TEDでテレビ番組を検索

 テレビ番組の脚本家のストライキのために何時間も暇になってしまった? しかし無理をして本を読む必要もジョギングに行く必要もない。なぜならTEDがあるからだ。TEDはBitTorrent経由でテレビ番組をダウンロードするのに役立つオープンソースでクロスプラットフォームなツールで、torrentファイルを検索する面倒な作業を簡単にしてくれる。

 TED自体はBitTorrentのクライアントではない。そうではなくTEDはtorrentファイルを検索するためのツールで、その結果を任意のBitTorrentダウンロードプログラムに渡してくれる。TEDは特にシリーズで放映されているテレビ番組の入手に特化されていて、シリーズ番号と放映話番号を指定して検索することができる。

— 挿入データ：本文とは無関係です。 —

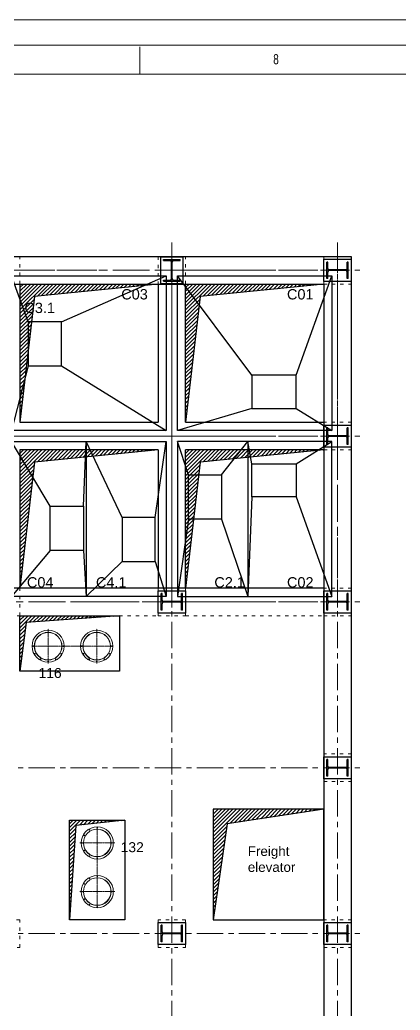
# Model space of a CAD drawing. Header units: millimetres. Extents: x 3220 to 226993, y 817 to 176024.
# Drawn here: x 35048 to 41935, y 117440 to 135357 of the extents above; entities that cross this region are included whole.
import ezdxf

# ---------------------------------------------------------------- set-up
doc = ezdxf.new("R2010")
doc.units = ezdxf.units.MM
for name, pattern in [('ACAD_ISO03W100', [30, 12, -18]), ('AXES', [50.8, 31.75, -6.35, 6.35, -6.35]), ('CENTER2', [28.575, 19.05, -3.175, 3.175, -3.175]), ('CHAIN', [0.3543, 0.2362, -0.0295, 0.0591, -0.0295])]:
    doc.linetypes.add(name, pattern=pattern)
doc.layers.add('Axe', color=1, linetype='AXES', lineweight=9)
doc.layers.add('Cache', color=3, linetype='ACAD_ISO03W100', lineweight=13)
doc.layers.add('Mittelpunktmarkierung(DIN)', color=7, linetype='Continuous', lineweight=25, true_color=0x3f3f3f)
doc.layers.add('Sichtbare Kanten(DIN)', color=7, linetype='Continuous', lineweight=50, true_color=0x3f3f3f)
doc.layers.add('Repère', color=76, linetype='Continuous')
doc.styles.add('ARIAL_BOLD', font='arial.ttf')
doc.styles.add('SLDTEXTSTYLE0', font='TXT', dxfattribs={"width": 0.75})
doc.styles.get("Standard").update_dxf_attribs({"font": 'arial.ttf'})

# ---------------------------------------------------------------- blocks, each defined once
blk = doc.blocks.new("SYST7ME D'AXE")
at = {"layer": 'Axe', "ltscale": 15}
for p, q in [((12000, 18500), (12000, -6500)), ((15000, 18500), (15000, -6500)), ((-500, 18000), (15500, 18000)), ((-500, 15000), (15500, 15000)), ((-500, 12000), (15500, 12000)), ((-500, 9000), (15500, 9000)), ((-500, 6000), (15500, 6000))]:
    blk.add_line(p, q, dxfattribs=at)
blk = doc.blocks.new('Level +8 m')
h = blk.add_hatch()
h.set_pattern_fill('ANSI31', color=256, scale=15)
h.set_pattern_definition([(45, (9000, 0), (-33.67596, 33.67596), [])])
h.paths.add_polyline_path([(11750, -250), (9250, -250), (9250, -2750), (9514, -471)])
h = blk.add_hatch()
h.set_pattern_fill('ANSI31', color=256, scale=15)
h.set_pattern_definition([(45, (12000, 0), (-33.67596, 33.67596), [])])
h.paths.add_polyline_path([(14750, -250), (12250, -250), (12250, -2750), (12514, -471)])
h = blk.add_hatch()
h.set_pattern_fill('ANSI31', color=256, scale=15)
h.set_pattern_definition([(45, (9000, -3000), (-33.67596, 33.67596), [])])
h.paths.add_polyline_path([(11750, -3250), (9250, -3250), (9250, -5750), (9514, -3471)])
h = blk.add_hatch()
h.set_pattern_fill('ANSI31', color=256, scale=15)
h.set_pattern_definition([(45, (12000, -3000), (-33.67596, 33.67596), [])])
h.paths.add_polyline_path([(14750, -3250), (12250, -3250), (12250, -5750), (12514, -3471)])
h = blk.add_hatch()
h.set_pattern_fill('ANSI31', color=256, scale=15)
h.paths.add_polyline_path([(11050, -6250), (9250, -6250), (9250, -7250), (9365, -6370)])
h = blk.add_hatch()
h.set_pattern_fill('ANSI31', color=256, scale=15)
h.paths.add_polyline_path([(14750, -9750), (12750, -9750), (12750, -11750), (12999, -10012)])
h = blk.add_hatch()
h.set_pattern_fill('ANSI31', color=256, scale=15)
h.paths.add_polyline_path([(11150, -9950), (10150, -9950), (10150, -11750), (10263, -10045)])
at = {"linetype": 'Continuous'}
for p, q in [((11850, 195), (12150, 195)), ((11850, 176), (11850, 195)), ((12150, 176), (12150, 195)), ((11850, 176), (11968, 176)), ((11994, -149), (11994, 149)), ((12006, -149), (12006, 151)), ((12032, 176), (12150, 176)), ((14805, -150), (14805, 150)), ((14824, 150), (14805, 150)), ((14824, 32), (14824, 150)), ((15149, 6), (14849, 6)), ((15176, 32), (15176, 150)), ((15195, 150), (15176, 150)), ((15195, -150), (15195, 150)), ((11850, -176), (11968, -176)), ((11850, -195), (11850, -176)), ((12032, -176), (12150, -176)), ((12150, -195), (12150, -176)), ((14824, -150), (14805, -150)), ((14824, -150), (14824, -32)), ((15149, -6), (14851, -6)), ((15176, -150), (15176, -32)), ((15195, -150), (15176, -150)), ((11850, -195), (12150, -195)), ((14805, -3150), (14805, -2850)), ((14824, -2850), (14805, -2850)), ((14824, -2968), (14824, -2850)), ((15176, -2968), (15176, -2850)), ((15195, -2850), (15176, -2850)), ((15195, -3150), (15195, -2850)), ((14824, -3150), (14824, -3032)), ((15149, -2994), (14849, -2994)), ((15149, -3006), (14851, -3006)), ((15176, -3150), (15176, -3032)), ((14824, -3150), (14805, -3150)), ((15195, -3150), (15176, -3150)), ((11805, -6150), (11805, -5850)), ((11824, -5850), (11805, -5850)), ((11824, -5968), (11824, -5850)), ((12176, -5968), (12176, -5850)), ((12195, -5850), (12176, -5850)), ((12195, -6150), (12195, -5850)), ((14805, -6150), (14805, -5850)), ((14824, -5850), (14805, -5850)), ((14824, -5968), (14824, -5850)), ((15176, -5968), (15176, -5850)), ((15195, -5850), (15176, -5850)), ((15195, -6150), (15195, -5850)), ((11824, -6150), (11824, -6032)), ((12149, -5994), (11849, -5994)), ((12149, -6006), (11851, -6006)), ((12176, -6150), (12176, -6032)), ((14824, -6150), (14824, -6032)), ((15149, -5994), (14849, -5994)), ((15149, -6006), (14851, -6006)), ((15176, -6150), (15176, -6032)), ((11824, -6150), (11805, -6150)), ((12195, -6150), (12176, -6150)), ((14824, -6150), (14805, -6150)), ((15195, -6150), (15176, -6150)), ((14805, -9150), (14805, -8850)), ((14824, -8850), (14805, -8850)), ((14824, -8968), (14824, -8850)), ((15176, -8968), (15176, -8850)), ((15195, -8850), (15176, -8850)), ((15195, -9150), (15195, -8850)), ((14824, -9150), (14824, -9032)), ((15149, -8994), (14849, -8994)), ((15149, -9006), (14851, -9006)), ((15176, -9150), (15176, -9032)), ((14824, -9150), (14805, -9150)), ((15195, -9150), (15176, -9150)), ((11805, -12150), (11805, -11850)), ((11824, -11850), (11805, -11850)), ((11824, -11968), (11824, -11850)), ((12149, -11994), (11849, -11994)), ((12176, -11968), (12176, -11850)), ((12195, -11850), (12176, -11850)), ((12195, -12150), (12195, -11850)), ((14805, -12150), (14805, -11850)), ((14824, -11850), (14805, -11850)), ((14824, -11968), (14824, -11850)), ((15149, -11994), (14849, -11994)), ((15176, -11968), (15176, -11850)), ((15195, -11850), (15176, -11850)), ((15195, -12150), (15195, -11850)), ((11824, -12150), (11805, -12150)), ((11824, -12150), (11824, -12032)), ((12149, -12006), (11851, -12006)), ((12176, -12150), (12176, -12032)), ((12195, -12150), (12176, -12150)), ((14824, -12150), (14805, -12150)), ((14824, -12150), (14824, -12032)), ((15149, -12006), (14851, -12006)), ((15176, -12150), (15176, -12032)), ((15195, -12150), (15176, -12150))]:
    blk.add_line(p, q, dxfattribs=at)
for p, q in [((9250, -250), (9250, -2750)), ((11750, -250), (11750, -2750)), ((12250, -2750), (12250, -250)), ((9250, -2750), (11750, -2750)), ((12250, -2750), (14750, -2750)), ((11750, -3250), (9250, -3250)), ((9250, -3250), (9250, -5750)), ((11750, -3250), (11750, -5750)), ((14750, -3250), (12250, -3250)), ((12250, -5750), (12250, -3250)), ((14750, -5750), (250, -5750))]:
    blk.add_line(p, q)
for points in [[(15250, -24250), (-250, -24250), (-250, 250), (15250, 250)], [(250, -250), (14750, -250), (14750, -23750), (250, -23750)], [(9250, -6250), (11050, -6250), (11050, -7250), (9250, -7250)], [(12750, -11750), (14750, -11750), (14750, -9750), (12750, -9750)], [(10150, -11750), (10150, -9950), (11150, -9950), (11150, -11750)]]:
    blk.add_lwpolyline(points, close=True)
for points in [[(12200, 245), (12200, -245), (11800, -245), (11800, 245)], [(14755, 200), (15245, 200), (15245, -200), (14755, -200)], [(14755, -2800), (15245, -2800), (15245, -3200), (14755, -3200)], [(11755, -5800), (12245, -5800), (12245, -6200), (11755, -6200)], [(14755, -5800), (15245, -5800), (15245, -6200), (14755, -6200)], [(14755, -8800), (15245, -8800), (15245, -9200), (14755, -9200)], [(11755, -11800), (12245, -11800), (12245, -12200), (11755, -12200)], [(14755, -11800), (15245, -11800), (15245, -12200), (14755, -12200)]]:
    blk.add_lwpolyline(points, close=True, dxfattribs=at)
for points in [[(11750, -250), (9514, -471), (9250, -2750)], [(14750, -250), (12514, -471), (12250, -2750)], [(11750, -3250), (9514, -3471), (9250, -5750)], [(14750, -3250), (12514, -3471), (12250, -5750)], [(11050, -6250), (9365, -6370), (9250, -7250)], [(14750, -9750), (12999, -10012), (12750, -11750)], [(11150, -9950), (10263, -10045), (10150, -11750)]]:
    blk.add_lwpolyline(points)
for centre, start, end in [((11968, 149), 0, 90), ((12032, 149), 90, 180), ((14851, 32), 180, 270), ((15149, 32), 270, 0), ((11968, -149), 270, 0), ((12032, -149), 180, 270), ((14851, -32), 90, 180), ((15149, -32), 0, 90), ((14851, -2968), 180, 270), ((14851, -3032), 90, 180), ((15149, -2968), 270, 0), ((15149, -3032), 0, 90), ((11851, -5968), 180, 270), ((11851, -6032), 90, 180), ((12149, -5968), 270, 0), ((12149, -6032), 0, 90), ((14851, -5968), 180, 270), ((14851, -6032), 90, 180), ((15149, -5968), 270, 0), ((15149, -6032), 0, 90), ((14851, -8968), 180, 270), ((14851, -9032), 90, 180), ((15149, -8968), 270, 0), ((15149, -9032), 0, 90), ((11851, -11968), 180, 270), ((12149, -11968), 270, 0), ((14851, -11968), 180, 270), ((15149, -11968), 270, 0), ((11851, -12032), 90, 180), ((12149, -12032), 0, 90), ((14851, -12032), 90, 180), ((15149, -12032), 0, 90)]:
    blk.add_arc(centre, 27, start, end, dxfattribs=at)
at = {"layer": 'Axe', "color": 1, "linetype": 'CENTER2'}
for p, q in [((12000, -195), (12000, 195)), ((15195, 0), (14805, 0)), ((15195, -3000), (14805, -3000)), ((12195, -6000), (11805, -6000)), ((15195, -6000), (14805, -6000)), ((15195, -9000), (14805, -9000)), ((12195, -12000), (11805, -12000)), ((15195, -12000), (14805, -12000))]:
    blk.add_line(p, q, dxfattribs=at)
at = {"layer": 'Cache', "ltscale": 5}
for points in [[(8750, -250), (9250, -250), (9250, 250), (8750, 250)], [(11750, -250), (12250, -250), (12250, 250), (11750, 250)], [(14750, -250), (15250, -250), (15250, 250), (14750, 250)], [(14750, -3250), (15250, -3250), (15250, -2750), (14750, -2750)], [(8750, -6250), (9250, -6250), (9250, -5750), (8750, -5750)], [(11750, -6250), (12250, -6250), (12250, -5750), (11750, -5750)], [(14750, -6250), (15250, -6250), (15250, -5750), (14750, -5750)], [(14750, -9250), (15250, -9250), (15250, -8750), (14750, -8750)], [(8750, -12250), (9250, -12250), (9250, -11750), (8750, -11750)], [(11750, -12250), (12250, -12250), (12250, -11750), (11750, -11750)], [(14750, -12250), (15250, -12250), (15250, -11750), (14750, -11750)]]:
    blk.add_lwpolyline(points, close=True, dxfattribs=at)
for points in [[(9250, -6250), (11750, -6250)], [(12250, -6250), (14750, -6250)]]:
    blk.add_lwpolyline(points, dxfattribs=at)
blk.add_blockref("SYST7ME D'AXE", (0, -18000))
at = {"insert": (13376, -10422), "char_height": 173.2, "width": 1681.64, "attachment_point": 1}
blk.add_mtext('Freight\\Pelevator', dxfattribs=at)
blk = doc.blocks.new('cone w1 T')
at = {"color": 4}
for p, q in [((-2500, -1450), (-2900, -100)), ((-1900, -1450), (-100, -100)), ((-2500, -2250), (-2900, -2900)), ((-1900, -2250), (-100, -2900))]:
    blk.add_line(p, q, dxfattribs=at)
for points in [[(-2900, -2900), (-2900, -100), (-100, -100), (-100, -2900)], [(-2500, -1450), (-2500, -2250), (-1900, -2250), (-1900, -1450)]]:
    blk.add_lwpolyline(points, close=True, dxfattribs=at)
at = {"layer": 'Axe', "ltscale": 20}
for p, q in [((-3100, 0), (100, 0)), ((-3000, 100), (-3000, -3100)), ((0, 100), (0, -3100)), ((-3100, -3000), (100, -3000))]:
    blk.add_line(p, q, dxfattribs=at)
blk = doc.blocks.new('cone w2  T')
at = {"color": 4}
for p, q in [((1270, -400), (100, -100)), ((2070, -400), (2900, -100)), ((1270, -1000), (100, -2900)), ((2070, -1000), (2900, -2900))]:
    blk.add_line(p, q, dxfattribs=at)
for points in [[(100, -100), (2900, -100), (2900, -2900), (100, -2900)], [(2070, -400), (1270, -400), (1270, -1000), (2070, -1000)]]:
    blk.add_lwpolyline(points, close=True, dxfattribs=at)
at = {"layer": 'Axe', "ltscale": 20}
for p, q in [((3100, 0), (-100, 0)), ((0, 100), (0, -3100)), ((3000, 100), (3000, -3100)), ((3100, -3000), (-100, -3000))]:
    blk.add_line(p, q, dxfattribs=at)
blk = doc.blocks.new('cone 54')
at = {"color": 4}
for p, q in [((800, -1270), (100, -100)), ((1400, -1270), (1450, -100)), ((1450, -100), (1450, -2900)), ((800, -2070), (100, -2900)), ((1400, -2070), (1450, -2900))]:
    blk.add_line(p, q, dxfattribs=at)
at = {"color": 5}
for p, q in [((2100, -1470), (1450, -100)), ((2700, -1470), (2900, -100)), ((2100, -2270), (1450, -2900)), ((2700, -2270), (2900, -2900))]:
    blk.add_line(p, q, dxfattribs=at)
at = {"color": 4}
for points in [[(2900, -100), (2900, -2900), (100, -2900), (100, -100)], [(800, -1270), (1400, -1270), (1400, -2070), (800, -2070)]]:
    blk.add_lwpolyline(points, close=True, dxfattribs=at)
at = {"color": 5}
blk.add_lwpolyline([(2700, -2270), (2700, -1470), (2100, -1470), (2100, -2270)], close=True, dxfattribs=at)
at = {"layer": 'Axe', "ltscale": 20}
for p, q in [((3100, 0), (-100, 0)), ((0, -3100), (0, 100)), ((3000, -3100), (3000, 100)), ((3100, -3000), (-100, -3000))]:
    blk.add_line(p, q, dxfattribs=at)
blk = doc.blocks.new('116 gaine')
at = {"layer": 'Mittelpunktmarkierung(DIN)', "color": 1, "linetype": 'CHAIN', "lineweight": 0, "ltscale": 23.990969}
for p, q in [((-440, -316), (-440, 316)), ((440, -316), (440, 316)), ((731, 0), (-731, 0))]:
    blk.add_line(p, q, dxfattribs=at)
at = {"layer": 'Sichtbare Kanten(DIN)', "color": 5, "lineweight": 0}
for p, q in [((-441, -250), (-441, -248)), ((-440, -248), (-440, -250)), ((440, -250), (440, -248)), ((441, -248), (441, -250))]:
    blk.add_line(p, q, dxfattribs=at)
for centre, radius in [((-440, 0), 291), ((-440, 0), 251), ((440, 0), 291), ((440, 0), 251), ((-715, 0), 6.5), ((-165, 0), 6.5), ((165, 0), 6.5), ((715, 0), 6.5), ((-678, -138), 6.5), ((-202, -138), 6.5), ((202, -138), 6.5), ((678, -138), 6.5), ((-578, -238), 6.5), ((-440, -275), 6.5), ((-302, -238), 6.5), ((302, -238), 6.5), ((440, -275), 6.5), ((578, -238), 6.5)]:
    blk.add_circle(centre, radius, dxfattribs=at)
for centre, radius, start, end in [((-440, 0), 251, 270, 269.7713), ((-440, 0), 248, 270, 269.7685), ((440, 0), 250, 270.2287, 270), ((440, 0), 248, 270.2315, 270)]:
    blk.add_arc(centre, radius, start, end, dxfattribs=at)
blk = doc.blocks.new('132 gaine')
blk.add_blockref('116 gaine', (0, 0))
blk = doc.blocks.new('A2 E1-50')
at = {"color": 1, "linetype": 'Continuous', "lineweight": 18}
for p, q in [((-28847.4, 20086.4), (0, 20086.4)), ((-28363.1, 19601.2), (-485.3, 19601.2))]:
    blk.add_line(p, q, dxfattribs=at)
at = {"linetype": 'Continuous', "lineweight": 18}
blk.add_line((-28619.2, 19860.5), (-232.1, 19860.5), dxfattribs=at)
at = {"color": 5, "linetype": 'Continuous', "lineweight": 15}
blk.add_line((-12054.1, 19601), (-12054.1, 19843.6), dxfattribs=at)
at = {"color": 5, "linetype": 'Continuous', "lineweight": 15, "insert": (-10860.3, 19779), "char_height": 89.9, "attachment_point": 1, "style": 'SLDTEXTSTYLE0'}
blk.add_mtext('8', dxfattribs=at)
blk = doc.blocks.new('cone c02 T')
at = {"color": 4}
for p, q in [((300, -1500), (100, -100)), ((900, -1500), (1375, -100)), ((1375, -2900), (1375, -100)), ((300, -2300), (100, -2900)), ((900, -2300), (1375, -2900))]:
    blk.add_line(p, q, dxfattribs=at)
at = {"color": 5}
for p, q in [((1450, -1900), (1375, -100)), ((2250, -1900), (2900, -100)), ((1450, -2500), (1375, -2900)), ((2250, -2500), (2900, -2900))]:
    blk.add_line(p, q, dxfattribs=at)
at = {"color": 4}
for points in [[(2900, -2900), (100, -2900), (100, -100), (2900, -100)], [(900, -1500), (300, -1500), (300, -2300), (900, -2300)]]:
    blk.add_lwpolyline(points, close=True, dxfattribs=at)
at = {"color": 5}
blk.add_lwpolyline([(1450, -2500), (2250, -2500), (2250, -1900), (1450, -1900)], close=True, dxfattribs=at)
at = {"layer": 'Axe', "ltscale": 20}
for p, q in [((-100, 0), (3100, 0)), ((0, -3100), (0, 100)), ((3000, -3100), (3000, 100)), ((-100, -3000), (3100, -3000))]:
    blk.add_line(p, q, dxfattribs=at)

msp = doc.modelspace()

# ---------------------------------------------------------------- block references
at = {"xscale": 2.024564718585504, "yscale": 2.024564718585504, "zscale": 2.024564718585504}
msp.add_blockref('A2 E1-50', (61623, 94690.9), dxfattribs=at)
at = {"color": 2}
for name, p in [('Level +8 m', (25800, 130825.5)), ('cone 54', (34800.1, 127825.5))]:
    msp.add_blockref(name, p, dxfattribs=at)
for name, p, rotation in [('cone w2  T', (34800, 127825.5), 90), ('cone w1 T', (37800, 130825.5), 90.00000000000001), ('132 gaine', (36450, 120025.5), 270)]:
    msp.add_blockref(name, p, dxfattribs=dict(rotation=rotation))
at = {"xscale": -1, "rotation": 180}
msp.add_blockref('cone c02 T', (37800, 124825.5), dxfattribs=at)
msp.add_blockref('cone c02 T', (37800, 124825.5), dxfattribs=at)
msp.add_blockref('116 gaine', (36000, 124025.5))

# ---------------------------------------------------------------- texts
at = {"color": 30, "char_height": 187.5, "attachment_point": 5, "style": 'ARIAL_BOLD'}
for s, insert in [('C03', (37125.3, 130390.2)), ('C01', (40125.3, 130390.2)), ('C04', (35417.1, 125178.7)), ('C4.1', (36703.1, 125178.7)), ('C2.1', (38846.4, 125178.7)), ('C02', (40125.3, 125178.7))]:
    msp.add_mtext(s, dxfattribs=dict(at, insert=insert))
at = {"color": 30, "insert": (35407.6, 130144.6), "char_height": 187.5, "width": 417.976, "attachment_point": 5, "style": 'ARIAL_BOLD'}
msp.add_mtext('C3.1', dxfattribs=at)
at = {"layer": 'Repère', "char_height": 180, "attachment_point": 1}
for s, insert in [('116', (35386, 123630.5)), ('132', (36873.4, 120478.8))]:
    msp.add_mtext_dynamic_manual_height_columns(s, width=631.382, gutter_width=12.5, heights=[0], dxfattribs=dict(at, insert=insert))

doc.saveas('drawing.dxf')

TEDには、番組データベースと、この種のコンテンツを頻繁に公開しているtorrentサイトからピックアップしたRSSフィードが含まれている。

 暴風雨で地元のケーブルテレビ局の施設に障害が出てしまい楽しみにしていたCSI番外編の最終話の放映が中止になってしまったという場合には、TEDを起動すれば、定番のサイトで視聴可能なコピーをくまなく探し回ってくれる。TEDはデフォルトでは定期的に繰り返し検索を行なうので、何度も放映を見逃す人の場合、特に便利かもしれない。

ターナーもダンソンもコッペルも……テッド

 TEDは小さなJavaアプリケーションで、Javaの実行環境以外には特に他のパッケージを必要としない。最新のビルドをTEDプロジェクトのサイトからダウンロードして、好きなディレクトリで解凍/展開すれば良い。その後コマンドラインから「java -jar ./ted.jar」を実行して起動する。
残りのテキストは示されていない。